#### RECORDS FOR PROCESSING
☆ ☆ ☆ ☆ ☆ ☆ ☆
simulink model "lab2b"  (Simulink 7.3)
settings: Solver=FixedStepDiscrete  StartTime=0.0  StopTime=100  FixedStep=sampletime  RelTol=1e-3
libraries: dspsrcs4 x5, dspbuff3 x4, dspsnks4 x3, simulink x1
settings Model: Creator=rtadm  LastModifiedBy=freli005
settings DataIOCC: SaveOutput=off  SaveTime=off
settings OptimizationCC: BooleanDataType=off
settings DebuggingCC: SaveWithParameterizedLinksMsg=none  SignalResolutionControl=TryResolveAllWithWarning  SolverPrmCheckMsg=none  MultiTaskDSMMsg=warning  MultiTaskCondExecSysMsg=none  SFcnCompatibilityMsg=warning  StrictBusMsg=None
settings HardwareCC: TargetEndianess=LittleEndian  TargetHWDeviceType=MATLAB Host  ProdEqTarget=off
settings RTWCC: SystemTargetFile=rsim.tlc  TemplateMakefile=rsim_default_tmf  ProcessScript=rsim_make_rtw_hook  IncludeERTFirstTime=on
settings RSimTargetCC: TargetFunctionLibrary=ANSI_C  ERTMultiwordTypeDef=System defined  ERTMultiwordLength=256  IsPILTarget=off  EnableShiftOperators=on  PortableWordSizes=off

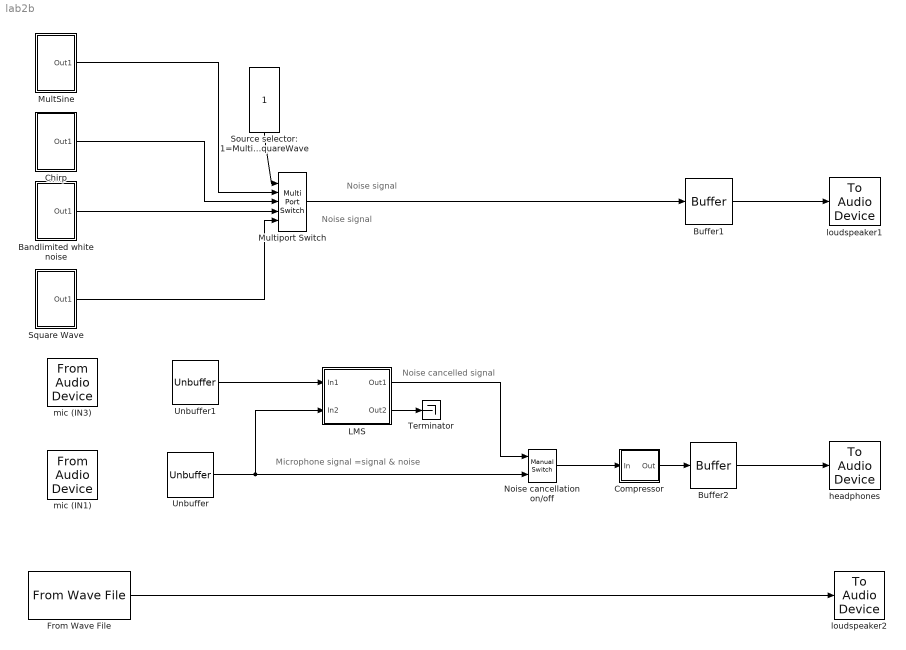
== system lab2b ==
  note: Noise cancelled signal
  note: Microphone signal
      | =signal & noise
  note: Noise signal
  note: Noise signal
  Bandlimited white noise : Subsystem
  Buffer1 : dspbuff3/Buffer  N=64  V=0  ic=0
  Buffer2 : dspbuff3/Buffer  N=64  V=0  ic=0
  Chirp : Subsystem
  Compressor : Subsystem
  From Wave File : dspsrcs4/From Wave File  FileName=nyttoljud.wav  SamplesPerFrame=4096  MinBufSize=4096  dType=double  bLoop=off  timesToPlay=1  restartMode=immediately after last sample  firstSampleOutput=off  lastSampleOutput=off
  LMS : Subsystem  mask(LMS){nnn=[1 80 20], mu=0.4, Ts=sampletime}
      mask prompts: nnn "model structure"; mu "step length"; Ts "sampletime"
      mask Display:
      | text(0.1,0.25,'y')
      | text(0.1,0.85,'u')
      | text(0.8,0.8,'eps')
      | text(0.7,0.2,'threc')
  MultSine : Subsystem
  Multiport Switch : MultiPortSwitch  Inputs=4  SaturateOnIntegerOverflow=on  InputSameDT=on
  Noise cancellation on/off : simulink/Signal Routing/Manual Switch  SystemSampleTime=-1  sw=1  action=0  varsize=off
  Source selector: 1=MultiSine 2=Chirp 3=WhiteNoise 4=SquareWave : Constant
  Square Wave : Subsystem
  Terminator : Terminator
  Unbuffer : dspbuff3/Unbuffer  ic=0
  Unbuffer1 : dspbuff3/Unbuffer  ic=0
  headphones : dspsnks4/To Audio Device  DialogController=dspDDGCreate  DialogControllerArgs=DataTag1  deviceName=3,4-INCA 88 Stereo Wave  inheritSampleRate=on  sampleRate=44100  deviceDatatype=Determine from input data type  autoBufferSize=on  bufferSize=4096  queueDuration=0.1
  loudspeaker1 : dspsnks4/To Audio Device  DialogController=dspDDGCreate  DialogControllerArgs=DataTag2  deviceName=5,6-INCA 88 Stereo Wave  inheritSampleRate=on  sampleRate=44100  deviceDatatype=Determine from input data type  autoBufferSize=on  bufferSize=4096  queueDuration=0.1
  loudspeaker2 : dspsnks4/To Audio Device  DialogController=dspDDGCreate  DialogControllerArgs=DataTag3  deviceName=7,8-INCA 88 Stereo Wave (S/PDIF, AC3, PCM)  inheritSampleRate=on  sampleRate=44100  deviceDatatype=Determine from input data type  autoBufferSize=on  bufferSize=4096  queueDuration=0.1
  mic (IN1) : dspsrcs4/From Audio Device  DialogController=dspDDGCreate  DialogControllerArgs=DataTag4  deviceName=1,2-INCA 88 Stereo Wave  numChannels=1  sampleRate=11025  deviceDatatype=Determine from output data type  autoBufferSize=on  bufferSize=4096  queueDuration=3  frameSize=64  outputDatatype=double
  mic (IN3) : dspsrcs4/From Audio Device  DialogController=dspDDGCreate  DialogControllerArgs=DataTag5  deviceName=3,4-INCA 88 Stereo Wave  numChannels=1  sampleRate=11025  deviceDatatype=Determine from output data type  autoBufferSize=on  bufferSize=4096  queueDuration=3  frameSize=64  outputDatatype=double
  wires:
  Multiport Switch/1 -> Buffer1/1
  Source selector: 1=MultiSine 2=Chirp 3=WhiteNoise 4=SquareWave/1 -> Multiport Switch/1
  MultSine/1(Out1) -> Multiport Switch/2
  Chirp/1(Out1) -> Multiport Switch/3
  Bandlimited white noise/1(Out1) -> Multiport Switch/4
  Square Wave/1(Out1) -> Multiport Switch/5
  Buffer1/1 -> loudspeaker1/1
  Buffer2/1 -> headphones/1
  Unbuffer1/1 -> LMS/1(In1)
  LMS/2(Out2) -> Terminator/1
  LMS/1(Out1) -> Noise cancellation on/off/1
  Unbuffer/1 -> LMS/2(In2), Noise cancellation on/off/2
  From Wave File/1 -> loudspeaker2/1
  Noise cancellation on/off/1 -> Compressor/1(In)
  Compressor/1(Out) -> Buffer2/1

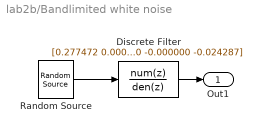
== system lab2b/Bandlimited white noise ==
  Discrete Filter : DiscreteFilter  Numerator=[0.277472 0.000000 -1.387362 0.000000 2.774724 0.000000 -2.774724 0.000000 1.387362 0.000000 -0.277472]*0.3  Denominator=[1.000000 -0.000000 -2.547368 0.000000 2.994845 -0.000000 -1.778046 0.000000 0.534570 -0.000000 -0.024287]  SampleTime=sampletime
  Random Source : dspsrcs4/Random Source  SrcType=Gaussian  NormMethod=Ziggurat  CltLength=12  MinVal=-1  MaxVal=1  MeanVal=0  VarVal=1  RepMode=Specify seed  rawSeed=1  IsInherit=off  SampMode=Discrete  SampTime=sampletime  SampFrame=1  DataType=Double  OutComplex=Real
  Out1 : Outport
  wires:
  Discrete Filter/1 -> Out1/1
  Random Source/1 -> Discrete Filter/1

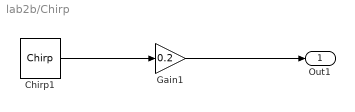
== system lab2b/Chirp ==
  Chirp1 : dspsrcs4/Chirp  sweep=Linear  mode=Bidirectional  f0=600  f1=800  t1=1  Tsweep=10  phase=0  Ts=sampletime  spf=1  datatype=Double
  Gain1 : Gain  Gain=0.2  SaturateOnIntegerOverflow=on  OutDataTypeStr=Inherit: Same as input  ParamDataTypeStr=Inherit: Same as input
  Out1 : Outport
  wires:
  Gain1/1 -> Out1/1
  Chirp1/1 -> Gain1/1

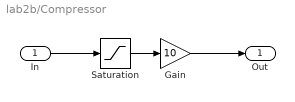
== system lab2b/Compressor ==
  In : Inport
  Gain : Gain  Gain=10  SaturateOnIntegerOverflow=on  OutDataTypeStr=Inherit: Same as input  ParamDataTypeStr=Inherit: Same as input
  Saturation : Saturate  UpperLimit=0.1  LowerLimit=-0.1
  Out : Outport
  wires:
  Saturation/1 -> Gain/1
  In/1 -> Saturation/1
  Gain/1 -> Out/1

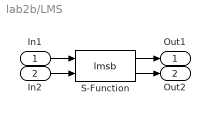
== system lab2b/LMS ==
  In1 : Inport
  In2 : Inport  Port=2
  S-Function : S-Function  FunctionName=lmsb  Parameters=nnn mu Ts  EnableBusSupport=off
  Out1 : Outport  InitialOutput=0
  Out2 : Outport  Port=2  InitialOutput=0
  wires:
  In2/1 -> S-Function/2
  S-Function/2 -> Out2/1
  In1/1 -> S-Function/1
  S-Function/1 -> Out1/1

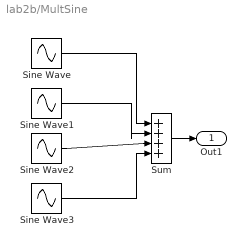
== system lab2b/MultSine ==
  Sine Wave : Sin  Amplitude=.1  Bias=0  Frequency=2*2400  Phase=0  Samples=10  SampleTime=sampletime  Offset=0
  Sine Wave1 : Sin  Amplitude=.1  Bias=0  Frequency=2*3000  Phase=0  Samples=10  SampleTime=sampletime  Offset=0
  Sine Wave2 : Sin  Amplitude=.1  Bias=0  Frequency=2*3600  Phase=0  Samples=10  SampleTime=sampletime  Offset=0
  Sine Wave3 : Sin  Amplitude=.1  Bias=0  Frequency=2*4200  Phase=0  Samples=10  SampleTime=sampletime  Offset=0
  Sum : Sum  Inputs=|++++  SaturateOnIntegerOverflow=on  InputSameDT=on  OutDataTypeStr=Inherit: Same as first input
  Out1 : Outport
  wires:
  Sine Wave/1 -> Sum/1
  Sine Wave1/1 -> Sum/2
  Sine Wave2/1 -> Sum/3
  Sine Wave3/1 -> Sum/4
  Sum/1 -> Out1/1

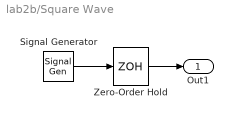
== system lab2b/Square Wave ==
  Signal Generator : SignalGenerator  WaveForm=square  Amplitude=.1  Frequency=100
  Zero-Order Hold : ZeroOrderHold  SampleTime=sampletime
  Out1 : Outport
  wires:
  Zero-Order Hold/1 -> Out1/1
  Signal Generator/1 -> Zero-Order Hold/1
☆ ☆ ☆ ☆ ☆ ☆ ☆
#### EXERCISE REQUIREMENTS
Only the lines between the one with "Gain : Gain" and the one with "Sine Wave3 : Sin", those two included, get copied from the material above. Keep it exact and free of pictures.

#### SOLVED PROBLEM
  Gain : Gain  Gain=10  SaturateOnIntegerOverflow=on  OutDataTypeStr=Inherit: Same as input  ParamDataTypeStr=Inherit: Same as input
  Saturation : Saturate  UpperLimit=0.1  LowerLimit=-0.1
  Out : Outport
  wires:
  Saturation/1 -> Gain/1
  In/1 -> Saturation/1
  Gain/1 -> Out/1

== system lab2b/LMS ==
  In1 : Inport
  In2 : Inport  Port=2
  S-Function : S-Function  FunctionName=lmsb  Parameters=nnn mu Ts  EnableBusSupport=off
  Out1 : Outport  InitialOutput=0
  Out2 : Outport  Port=2  InitialOutput=0
  wires:
  In2/1 -> S-Function/2
  S-Function/2 -> Out2/1
  In1/1 -> S-Function/1
  S-Function/1 -> Out1/1

== system lab2b/MultSine ==
  Sine Wave : Sin  Amplitude=.1  Bias=0  Frequency=2*2400  Phase=0  Samples=10  SampleTime=sampletime  Offset=0
  Sine Wave1 : Sin  Amplitude=.1  Bias=0  Frequency=2*3000  Phase=0  Samples=10  SampleTime=sampletime  Offset=0
  Sine Wave2 : Sin  Amplitude=.1  Bias=0  Frequency=2*3600  Phase=0  Samples=10  SampleTime=sampletime  Offset=0
  Sine Wave3 : Sin  Amplitude=.1  Bias=0  Frequency=2*4200  Phase=0  Samples=10  SampleTime=sampletime  Offset=0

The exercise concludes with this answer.